Transcript: Jeff Jarvis on “The Gutenberg Parenthesis”

Interview with author Jeff Jarvis

For podcast release Monday, August 14, 2023

KENNEALLY: Johannes Gutenberg printed the Bible using movable type in Mainz, Germany, in 1454. A publishing industry of booksellers and printers eventually emerged. And until a few decades ago, the books, magazines, and newspapers produced and sold by authors and publishers dominated communication.

Welcome to CCC’s podcast series. I’m Christopher Kenneally for Velocity of Content.

Printed books engendered a culture of communication that endured for centuries. Journalism professor and book author Jeff Jarvis recalls that early in his own writing and publishing career, he wrote on typewriters and saw his story set in hot metal linotype. With titles like What Would Google Do? and Geeks Bearing Gifts, the books Jarvis writes today make obvious how much has changed since those days. Indeed, his latest book, The Gutenberg Parenthesis, places us outside the era of print and beyond the world that print created. As transmission of knowledge and creativity shifts off the page and onto the screen, should we celebrate or mourn? Jeff Jarvis joins me now.

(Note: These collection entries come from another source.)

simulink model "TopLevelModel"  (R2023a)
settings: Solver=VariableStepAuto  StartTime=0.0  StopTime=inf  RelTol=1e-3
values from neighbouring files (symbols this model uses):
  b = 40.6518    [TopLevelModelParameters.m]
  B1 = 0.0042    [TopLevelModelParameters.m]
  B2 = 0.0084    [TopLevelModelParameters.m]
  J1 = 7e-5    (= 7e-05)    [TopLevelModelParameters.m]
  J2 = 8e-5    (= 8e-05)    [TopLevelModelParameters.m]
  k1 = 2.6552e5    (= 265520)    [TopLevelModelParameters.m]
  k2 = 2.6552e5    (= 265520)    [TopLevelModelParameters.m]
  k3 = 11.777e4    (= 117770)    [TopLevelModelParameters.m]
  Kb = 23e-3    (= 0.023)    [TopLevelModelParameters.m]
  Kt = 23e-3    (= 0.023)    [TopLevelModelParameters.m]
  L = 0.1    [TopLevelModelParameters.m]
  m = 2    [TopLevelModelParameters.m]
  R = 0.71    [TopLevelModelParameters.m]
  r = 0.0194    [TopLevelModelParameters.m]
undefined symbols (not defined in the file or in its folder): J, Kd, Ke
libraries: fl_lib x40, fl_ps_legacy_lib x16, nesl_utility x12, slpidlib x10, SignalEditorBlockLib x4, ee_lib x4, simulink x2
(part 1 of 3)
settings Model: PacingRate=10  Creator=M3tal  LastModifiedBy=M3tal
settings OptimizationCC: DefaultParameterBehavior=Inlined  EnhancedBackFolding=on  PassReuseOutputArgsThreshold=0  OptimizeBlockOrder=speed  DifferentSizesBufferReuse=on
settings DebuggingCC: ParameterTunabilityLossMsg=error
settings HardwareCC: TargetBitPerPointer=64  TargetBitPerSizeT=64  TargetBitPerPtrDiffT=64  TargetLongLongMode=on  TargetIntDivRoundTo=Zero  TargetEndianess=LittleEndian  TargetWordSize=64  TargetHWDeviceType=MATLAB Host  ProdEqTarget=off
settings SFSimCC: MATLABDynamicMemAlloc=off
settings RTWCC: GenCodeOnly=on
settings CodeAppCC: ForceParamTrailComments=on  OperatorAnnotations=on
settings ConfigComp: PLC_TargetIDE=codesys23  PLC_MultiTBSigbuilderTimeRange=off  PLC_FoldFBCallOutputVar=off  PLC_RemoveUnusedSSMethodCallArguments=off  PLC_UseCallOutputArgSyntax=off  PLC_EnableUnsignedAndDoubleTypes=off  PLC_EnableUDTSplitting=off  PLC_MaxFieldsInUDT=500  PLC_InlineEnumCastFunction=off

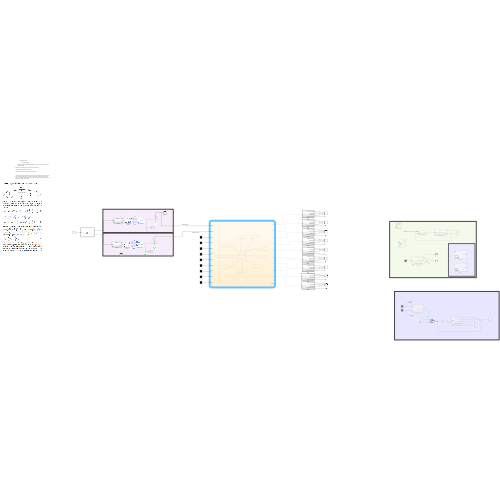
[thumbnail: Simulink's stored preview of the top-level diagram]
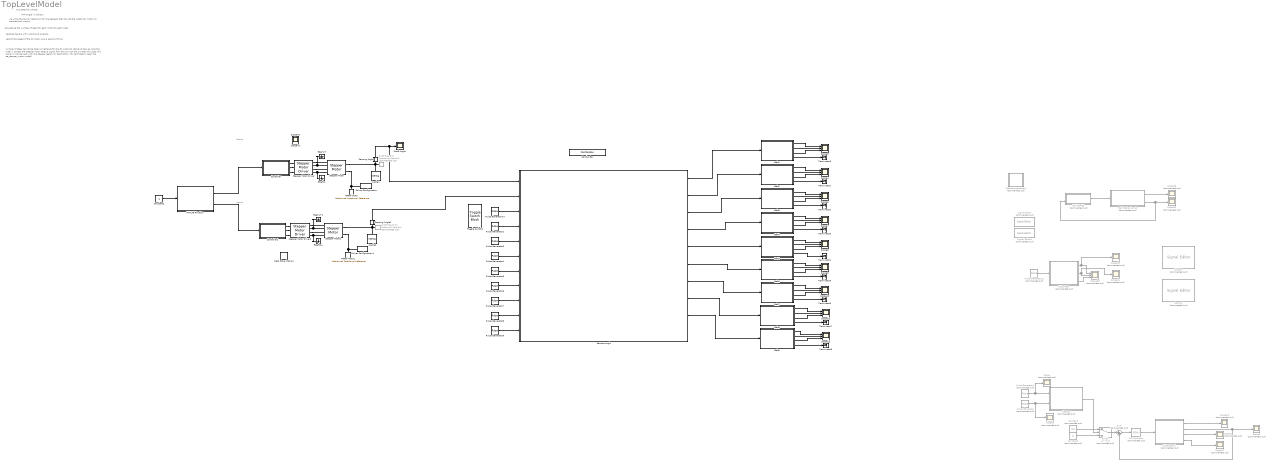
== system TopLevelModel ==
  note: two state flow charts
  note: number of steps cannot be taken as refrence for the dc motors to start and stop as once the meal is chosen the stepper motor takes a signal from the plc with the number of pulses, this signal is maintained unitll the stepper reachs it's destination. (for calrification open the ee_stepper_motor model)
  note: X-axis
  note: -replace signals with inports and outports
  note: -record the speed of the dc motor over a period of time
  note: -caluclating the number of steps for each motor for each meal
  note: Y-axis
  note: we using the same mechansim for the steppers that convert the rotational motion to translational motion
  note: m=r*angle in radians
  Belt Mechanism10 : Subsystem  Commented=on
  Belt1 : Subsystem  TreatAsAtomicUnit=on
  Belt2 : Subsystem  TreatAsAtomicUnit=on
  Belt3 : Subsystem  TreatAsAtomicUnit=on
  Belt4 : Subsystem  TreatAsAtomicUnit=on
  Belt5 : Subsystem  TreatAsAtomicUnit=on
  Belt6 : Subsystem  TreatAsAtomicUnit=on
  Belt7 : Subsystem  TreatAsAtomicUnit=on
  Belt8 : Subsystem  TreatAsAtomicUnit=on
  Belt9 : Subsystem  TreatAsAtomicUnit=on
  Combo Box : ComboBox  LabelPosition=Hide  SelectedLabel=1
      settings: Values={{'1', '2', '3', '4', '5', '6', '7', '8', '9', '0'}, [1 2 3 4 5 6 7 8 9 0]}
  Constant : Constant  Commented=on  Value=0.2
  Constant1 : Constant  Commented=on  Value=0
  Constant2 : Constant
  Controller : Subsystem  Variant=on  VariantControlMode=label  LabelModeActiveChoice=Position
      settings: AttributesFormatString=%<BlockChoice>
  Controller1 : Subsystem  Variant=on  VariantControlMode=label  LabelModeActiveChoice=Position
      settings: AttributesFormatString=%<BlockChoice>
  DC Motor10 : Subsystem  Commented=on
  Data Store Memory : DataStoreMemory  DataStoreName=counter  WriteAfterWriteMsg=warning  ShowAdditionalParam=off
  ERef A+ : fl_lib/Electrical/Electrical Elements/Electrical Reference
  ERef A+1 : fl_lib/Electrical/Electrical Elements/Electrical Reference
  ERef B- : fl_lib/Electrical/Electrical Elements/Electrical Reference
  ERef B-1 : fl_lib/Electrical/Electrical Elements/Electrical Reference
  Inertia1 : fl_lib/Mechanical/Rotational Elements/Inertia  inertia=0.1 kg*m^2  num_ports=foundation.enum.numPorts2.one  w_specify=off  w_priority=High  w=0 rad/s  w_nominal_specify=off  w_nominal_unit=rad/s  w_nominal_value=1  t_specify=off  t_priority=None  t=0 N*m  t_nominal_specify=off  t_nominal_unit=N*m  t_nominal_value=1
  Inertia2 : fl_lib/Mechanical/Rotational Elements/Inertia  inertia=0.1 kg*m^2  num_ports=foundation.enum.numPorts2.one  w_specify=off  w_priority=High  w=0 rad/s  w_nominal_specify=off  w_nominal_unit=rad/s  w_nominal_value=1  t_specify=off  t_priority=None  t=0 N*m  t_nominal_specify=off  t_nominal_unit=N*m  t_nominal_value=1
  MATLAB Function : MATLAB Function  TreatAsAtomicUnit=on
  MRRef Motor : fl_lib/Mechanical/Rotational Elements/Mechanical Rotational Reference
  MRRef Motor1 : fl_lib/Mechanical/Rotational Elements/Mechanical Rotational Reference
  PID Controller : slpidlib/PID Controller  Commented=on  Controller=PID  Form=Parallel  TimeDomain=Continuous-time  UseExternalTs=off  SampleTime=-1  IntegratorMethod=Forward Euler  FilterMethod=Forward Euler  ControllerParametersSource=internal  P=29.8496571480823  I=152.933850283855  UseKiTs=off  D=-0.451147774638306  N=4.48716691500189  UseFilter=on  TunerSelectOption=Transfer Function Based (PID Tuner App)  InitialConditionSource=internal  InitialConditionForIntegrator=0  InitialConditionForFilter=0  DifferentiatorICPrevScaledInput=0  ExternalReset=none  TrackingMode=off  Kt=1  LimitOutput=off  SatLimitsSource=internal  UpperSaturationLimit=inf  LowerSaturationLimit=-inf  LinearizeAsGain=on  AntiWindupMode=none  Kb=1  LimitIntegrator=off  UpperIntegratorSaturationLimit=inf  LowerIntegratorSaturationLimit=-inf  POutMin=[]  POutMax=[]  IOutMin=[]  IOutMax=[]  DOutMin=[]  DOutMax=[]  NOutMin=[]  NOutMax=[]  SumOutMin=[]  SumOutMax=[]  SaturationOutMin=[]  SaturationOutMax=[]  PParamMin=[]  PParamMax=[]  IParamMin=[]  IParamMax=[]  DParamMin=[]  DParamMax=[]  NParamMin=[]  NParamMax=[]  KbParamMin=[]  KbParamMax=[]  KtParamMin=[]  KtParamMax=[]  KbOutMin=[]  KbOutMax=[]  KtOutMin=[]  KtOutMax=[]  IntegratorOutMin=[]  IntegratorOutMax=[]  FilterOutMin=[]  FilterOutMax=[]  SumI1OutMin=[]  SumI1OutMax=[]  SumI2OutMin=[]  SumI2OutMax=[]  SumI3OutMin=[]  SumI3OutMax=[]  SumI4OutMin=[]  SumI4OutMax=[]  SumDOutMin=[]  SumDOutMax=[]  DifferentiatorOutMin=[]  DifferentiatorOutMax=[]  FilterDiffOutCoefMin=[]  FilterDiffOutCoefMax=[]  ReciprocalOutMin=[]  ReciprocalOutMax=[]  SumDenOutMin=[]  SumDenOutMax=[]  SumNumOutMin=[]  SumNumOutMax=[]  DivideOutMin=[]  DivideOutMax=[]  UdiffTsProdOutMin=[]  UdiffTsProdOutMax=[]  NTsProdOutMin=[]  NTsProdOutMax=[]  UintegralTsProdOutMin=[]  UintegralTsProdOutMax=[]  UngainTsProdOutMin=[]  UngainTsProdOutMax=[]  ClampingZeroOutDataTypeStr=Inherit: Inherit via back propagation  ClampingZeroOutMin=[]  ClampingZeroOutMax=[]  FilterDenConstantOutDataTypeStr=Inherit: Inherit via back propagation  FilterDenConstantOutMin=[]  FilterDenConstantOutMax=[]  PCopyOutDataTypeStr=Inherit: Inherit via back propagation  PCopyOutMin=[]  PCopyOutMax=[]  NCopyOutDataTypeStr=Inherit: Inherit via back propagation  NCopyOutMin=[]  NCopyOutMax=[]  IntegratorContinuousStateAttributes=''  IntegratorStateMustResolveToSignalObject=off  IntegratorRTWStateStorageClass=Auto  FilterContinuousStateAttributes=''  FilterStateMustResolveToSignalObject=off  FilterRTWStateStorageClass=Auto  ParallelPVariant=InternalParameters  IdealPVariant=Disabled  IVariant=InternalParameters  DVariant=InternalParameters  IntegratorVariant=Continuous  SatVariant=Disabled  AWVariant=Passthrough  PCopyVariant=Disabled  TRVariant=Disabled  FdbkBlocksVariant=Forward  IdealPFdbkVariant=Disabled  SatFdbkVariant=Disabled  DerivativeFilterVariant=ContFilter  NVariant=InternalParameters  NCopyVariant=Disabled  FilterICVariant=InternalICsFilter  IntegratorICVariant=InternalICs  ExternalResetVariant=Disabled  TRSumVariant=Passthrough  SumFdbkVariant=Disabled  SumVariant=Sum_PID  TsampFilterVariant=InternalTs  TsampNgainVariant=Passthrough  TsampIntegralVariant=Disabled_SignalSpec  ExternalSaturationOutDataTypeStr=Inherit: Same as second input
  Pulse Generator : DiscretePulseGenerator  Commented=on  PulseType=Time based  Period=40  PhaseDelay=20
  Pulse Generator1 : DiscretePulseGenerator  Commented=on  PulseType=Time based  Period=50  PhaseDelay=5
  Pulse Generator11 : DiscretePulseGenerator  Commented=on  PulseType=Time based  Amplitude=12  Period=11  PulseWidth=50  PhaseDelay=2
  Pulse Generator14 : DiscretePulseGenerator  PulseType=Time based  Period=10  PulseWidth=5
  Pulse Generator{2..9} (8 alike) : DiscretePulseGenerator  PulseType=Time based  Amplitude=0  Period=10  PulseWidth=5
  Scope{,1..3,24..29} (10 alike) : Scope  Commented=on
  Scope{4..12} (9 alike) : Scope  NumInputPorts=3
  Scope23 : Scope  Commented=on  NumInputPorts=3
  Sensing Angle : Subsystem
      mask Display: disp('a')
  Sensing Angle1 : Subsystem
      mask Display: disp('a')
  Sensor : SignalEditorBlockLib/Signal Editor  Commented=on  FileName=Crane_Sensor.mat  ActiveScenario=Scenario  ActiveSignal=Crane signal  IsBus=off  OutputBusObjectStr=Bus: BusObject  SampleTime=0  Interpolate=off  ZeroCross=off  OutputAfterFinalValue=Setting to zero  Unit=inherit  PreserveSignalName=on  ApplySigPropsToAllScenarios=on
  Sensor1 : SignalEditorBlockLib/Signal Editor  Commented=on  FileName=Belt_Sensor.mat  ActiveScenario=Scenario  ActiveSignal=Belt Signal  IsBus=off  OutputBusObjectStr=Bus: BusObject  SampleTime=0  Interpolate=off  ZeroCross=off  OutputAfterFinalValue=Setting to zero  Unit=inherit  PreserveSignalName=on  ApplySigPropsToAllScenarios=on
  Sensors : Stateflow chart  Commented=on  TreatAsAtomicUnit=on
  Sensors Logic : Stateflow chart  TreatAsAtomicUnit=on
      settings: PortSchema="{\"entries\":[{\"content\":{\"sides\":[{\"content\":{\"connectorIds\":[\"In10\",\"In11\",\"In1\",\"In2\",\"In3\",\"In4\",\"In5\",\"In6\",\"In7\",\"In8\",\"In9\"]},\"type\":\"ConnectorPlacement.EquallySpacedRectSide\",\"uuid\":\"dd9ce701-3689-4654-9b21-5529dab0541a\"},{\"content\":{\"connectorIds\":[\"Out1\",\"Out2\",\"Out3\",\"Out4\",\"Out5\",\"Out6\",\"Out7\",\"Out8\",\"Out9\",\"Out10\"],\"side\":\"RIGHT\"},\"type\":\"ConnectorPlacement.EquallySpacedRectSide\",\"uuid\":\"ff8f0f67-846c-4703-aeda-d87216d47c92\"},{\"content\":{\"side\":\"TOP\"},\"type\":\"ConnectorPlacement.EquallySpacedRectSide\",\"uuid\":\"ae968bb7-da0f-44fd-802b-06f57922bbce\"},{\"content\":{\"side\":\"BOTTOM\"},\"type\":\"ConnectorPlacement.EquallySpacedRectSide\",\"uuid\":\"72f2caf6-56e4-41be-9339-a06e52f77ea7\"}]},\"type\":\"ConnectorPlacement.EquallySpacedConnector\",\"uuid\":\"820653e5-881f-4b8b-9810-894dc5dde637\"}],\"packageUris\":[\"http://schema.mathworks.com/mf0/Connector/R2020b\"],\"version\":\"1.0\"}"
  Shaft Angle : Scope
  Shaft Free End : fl_lib/Mechanical/Rotational Elements/Rotational Free End  Commented=on  w_specify=off  w_priority=None  w=0 rad/s  w_nominal_specify=off  w_nominal_unit=rad/s  w_nominal_value=1
  Shaft Free End1 : fl_lib/Mechanical/Rotational Elements/Rotational Free End  Commented=on  w_specify=off  w_priority=None  w=0 rad/s  w_nominal_specify=off  w_nominal_unit=rad/s  w_nominal_value=1
  Signal Editor : SignalEditorBlockLib/Signal Editor  Commented=on  FileName=X_Position.mat  ActiveScenario=Scenario  ActiveSignal=X  IsBus=off  OutputBusObjectStr=Bus: BusObject  SampleTime=0  Interpolate=off  ZeroCross=off  OutputAfterFinalValue=Setting to zero  Unit=inherit  PreserveSignalName=on  ApplySigPropsToAllScenarios=on
  Signal Editor1 : SignalEditorBlockLib/Signal Editor  Commented=on  FileName=Y_Position.mat  ActiveScenario=Scenario  ActiveSignal=Y  IsBus=off  OutputBusObjectStr=Bus: BusObject  SampleTime=0  Interpolate=off  ZeroCross=off  OutputAfterFinalValue=Setting to zero  Unit=inherit  PreserveSignalName=on  ApplySigPropsToAllScenarios=on
  Solver Configuration : nesl_utility/Solver Configuration  PhysicalDomain=network_engine_domain  SubClassName=solver  LeftPortType=input  RightPortType=generic  Tones=[]  Harmonics=[]  SimulateNoise=off  Profile=off  UseLocalSampling=off  EnableSwitchedLinearOptims=on  FrequencyDomain=off  UseCCode=off  RelTol=0.001  AbsTol=1e-06  MinStep=1e-09  ToWorkspace=off  RevertToSquareIcSolve=off  NumHomotopyIterations=100  PhasorMode=off  PhasorModeNumHarmonics=1  ConsistencySolver=NEWTON_FTOL  IndexReductionMethod=DerivativeReplacement  DoDC=off  ResidualTolerance=1e-9  ConsistencyTolSource=GLOBAL  ConsistencyAbsTol=0.001  ConsistencyRelTol=0.001  ConsistencyTolFactor=0.001  UseLocalSolver=off  LocalSolverChoice=NE_BACKWARD_EULER_ADVANCER  ResolveIndetEquations=on  FunctionEvalNumThread=1  LocalSolverSampleTime=.001  DoFixedCost=off  MaxNonlinIter=3  MaxModeIter=2  ComputeImpulses=off  ImpulseIterations=2  LinearAlgebra=auto  LinearAlgebraNumThread=0  EquationFormulation=NE_TIME_EF  DelaysMemoryBudget=1024  AutomaticFiltering=on  FilteringTimeConstant=0.001  PartitionStorageMethod=AS_NEEDED  PartitionMemoryBudget=1024  PartitionMethod=FAST
  Solver Configuration1 : nesl_utility/Solver Configuration  PhysicalDomain=network_engine_domain  SubClassName=solver  LeftPortType=input  RightPortType=generic  Tones=[]  Harmonics=[]  SimulateNoise=off  Profile=off  UseLocalSampling=off  EnableSwitchedLinearOptims=on  FrequencyDomain=off  UseCCode=off  RelTol=0.001  AbsTol=1e-06  MinStep=1e-09  ToWorkspace=off  RevertToSquareIcSolve=off  NumHomotopyIterations=100  PhasorMode=off  PhasorModeNumHarmonics=1  ConsistencySolver=NEWTON_FTOL  IndexReductionMethod=DerivativeReplacement  DoDC=off  ResidualTolerance=1e-9  ConsistencyTolSource=GLOBAL  ConsistencyAbsTol=0.001  ConsistencyRelTol=0.001  ConsistencyTolFactor=0.001  UseLocalSolver=off  LocalSolverChoice=NE_BACKWARD_EULER_ADVANCER  ResolveIndetEquations=on  FunctionEvalNumThread=1  LocalSolverSampleTime=.001  DoFixedCost=off  MaxNonlinIter=3  MaxModeIter=2  ComputeImpulses=off  ImpulseIterations=2  LinearAlgebra=auto  LinearAlgebraNumThread=0  EquationFormulation=NE_TIME_EF  DelaysMemoryBudget=1024  AutomaticFiltering=on  FilteringTimeConstant=0.001  PartitionStorageMethod=AS_NEEDED  PartitionMemoryBudget=1024  PartitionMethod=FAST
  Stepper Motor : ee_lib/Electromechanical/Reluctance & Stepper/Stepper Motor  step_or_av=ee.enum.electromech.simulationMode.stepping  Ra=1.3 Ohm  La=2.9 mH  Km=0.315 N*m/A  Td=25 mN*m  Rm=Inf Ohm  w_vec=[ 0 1000 3e+3 ] rpm  T_vec=[ 2 2 1 ] N*m  assert_if_slipping=0  J_total=1e-4 kg*m^2  max_step_rate=10 Hz  Step=1.8 deg  J=82 g*cm^2  B=1e-2 N*m/(rad/s)  speed0=0 rpm  theta0=0 deg  alpha=[.00393, .00393] 1/K  Tmeas=25 degC  Tmeas2=125 degC  T_vec2=[1.7, 1.7, .85] N*m  half_stepping=ee.enum.electromech.steppingModeAveraged.fullStep  thermal_masses=[100, 100] J/K  initial_temperatures=[25, 25] degC  rotor_thermal_mass=50 J/K  rotor_initial_temperature=25 degC  Rm_percent_rotor=90
      settings: InternalSimscapePortConfiguration="{\"Bottom\":[],\"Left\":[{\"id\":\"pA\",\"label\":\"A+\",\"type\":\"foundation.electrical.electrical\"},{\"id\":\"nA\",\"label\":\"A-\",\"type\":\"foundation.electrical.electrical\"},{\"id\":\"pB\",\"label\":\"B+\",\"type\":\"foundation.electrical.electrical\"},{\"id\":\"nB\",\"label\":\"B-\",\"type\":\"foundation.electrical.electrical\"}],\"Right\":[{\"id\":\"R\",\"label\":\"R\",\"type\":\"foundation.mechanical.rotational.rotational\"},{\"id\":\"C\",\"label\":\"C\",\"type\":\"foundation.mechanical.rotational.rotational\"}],\"Top\":[]}"
  Stepper Motor Driver : ee_lib/Electromechanical/Reluctance & Stepper/Stepper Motor Driver  step_or_av=1  step_rate_per_volt=10 Hz/V  Venable=2.5 V  Vreverse=2.5 V  supply_ports=ee.enum.supply_ports.hidesupply  Vm=5 V  Vsupply=10 V  half_stepping=0  stepping_mode=ee.enum.electromech.steppingMode.fullStep  numMicroSteps=4  Im=1.2 A
      settings: InternalSimscapePortConfiguration="{\"Bottom\":[],\"Left\":[{\"id\":\"ENA\",\"label\":\"ENA\",\"type\":\"foundation.electrical.electrical\"},{\"id\":\"REF\",\"label\":\"REF\",\"type\":\"foundation.electrical.electrical\"},{\"id\":\"REV\",\"label\":\"REV\",\"type\":\"foundation.electrical.electrical\"}],\"Right\":[{\"id\":\"pA\",\"label\":\"A+\",\"type\":\"foundation.electrical.electrical\"},{\"id\":\"nA\",\"label\":\"A-\",\"type\":\"foundation.electrical.electrical\"},{\"id\":\"pB\",\"label\":\"B+\",\"type\":\"foundation.electrical.electrical\"},{\"id\":\"nB\",\"label\":\"B-\",\"type\":\"foundation.electrical.electrical\"}],\"Top\":[]}"
  Stepper Motor Driver1 : ee_lib/Electromechanical/Reluctance & Stepper/Stepper Motor Driver  step_or_av=1  step_rate_per_volt=10 Hz/V  Venable=2.5 V  Vreverse=2.5 V  supply_ports=ee.enum.supply_ports.hidesupply  Vm=5 V  Vsupply=10 V  half_stepping=0  stepping_mode=ee.enum.electromech.steppingMode.fullStep  numMicroSteps=4  Im=1.2 A
      settings: InternalSimscapePortConfiguration="{\"Bottom\":[],\"Left\":[{\"id\":\"ENA\",\"label\":\"ENA\",\"type\":\"foundation.electrical.electrical\"},{\"id\":\"REF\",\"label\":\"REF\",\"type\":\"foundation.electrical.electrical\"},{\"id\":\"REV\",\"label\":\"REV\",\"type\":\"foundation.electrical.electrical\"}],\"Right\":[{\"id\":\"pA\",\"label\":\"A+\",\"type\":\"foundation.electrical.electrical\"},{\"id\":\"nA\",\"label\":\"A-\",\"type\":\"foundation.electrical.electrical\"},{\"id\":\"pB\",\"label\":\"B+\",\"type\":\"foundation.electrical.electrical\"},{\"id\":\"nB\",\"label\":\"B-\",\"type\":\"foundation.electrical.electrical\"}],\"Top\":[]}"
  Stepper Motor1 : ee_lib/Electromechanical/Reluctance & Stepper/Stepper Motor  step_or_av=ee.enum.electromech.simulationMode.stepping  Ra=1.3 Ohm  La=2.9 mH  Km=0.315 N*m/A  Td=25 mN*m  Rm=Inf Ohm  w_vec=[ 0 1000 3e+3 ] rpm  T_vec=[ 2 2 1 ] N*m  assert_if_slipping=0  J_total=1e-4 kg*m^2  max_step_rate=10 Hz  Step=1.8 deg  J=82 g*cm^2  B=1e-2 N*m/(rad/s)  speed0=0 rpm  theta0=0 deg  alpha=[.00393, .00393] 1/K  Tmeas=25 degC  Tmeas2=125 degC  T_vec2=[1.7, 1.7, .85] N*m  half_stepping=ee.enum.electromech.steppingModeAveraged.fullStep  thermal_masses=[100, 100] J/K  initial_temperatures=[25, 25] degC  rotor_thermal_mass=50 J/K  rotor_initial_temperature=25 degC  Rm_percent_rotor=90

Welcome to the program, Jeff.

JARVIS: Thank you for having me, Chris.

KENNEALLY: In your new book, you ask that we imagine the timeline of human civilization. The Gutenberg Parenthesis is the five and a half centuries when printed works, especially books, silently conveyed developments in science, arts, and politics to equally silent readers. Indeed, you quote Mark Twain, “what the world is today, good and bad, it owes to Gutenberg.”

JARVIS: I think the lesson from that timeline is that we probably have time now – if we think that the internet and the networked world is as potentially – we won’t know for a long time – as major an innovation as print was, as a disruption, then how long will this take? We tend to think today that this change we’re undergoing is rapid and complete. Well, I ask us to consider instead, what if the change is actually very slow, and it’s just begun?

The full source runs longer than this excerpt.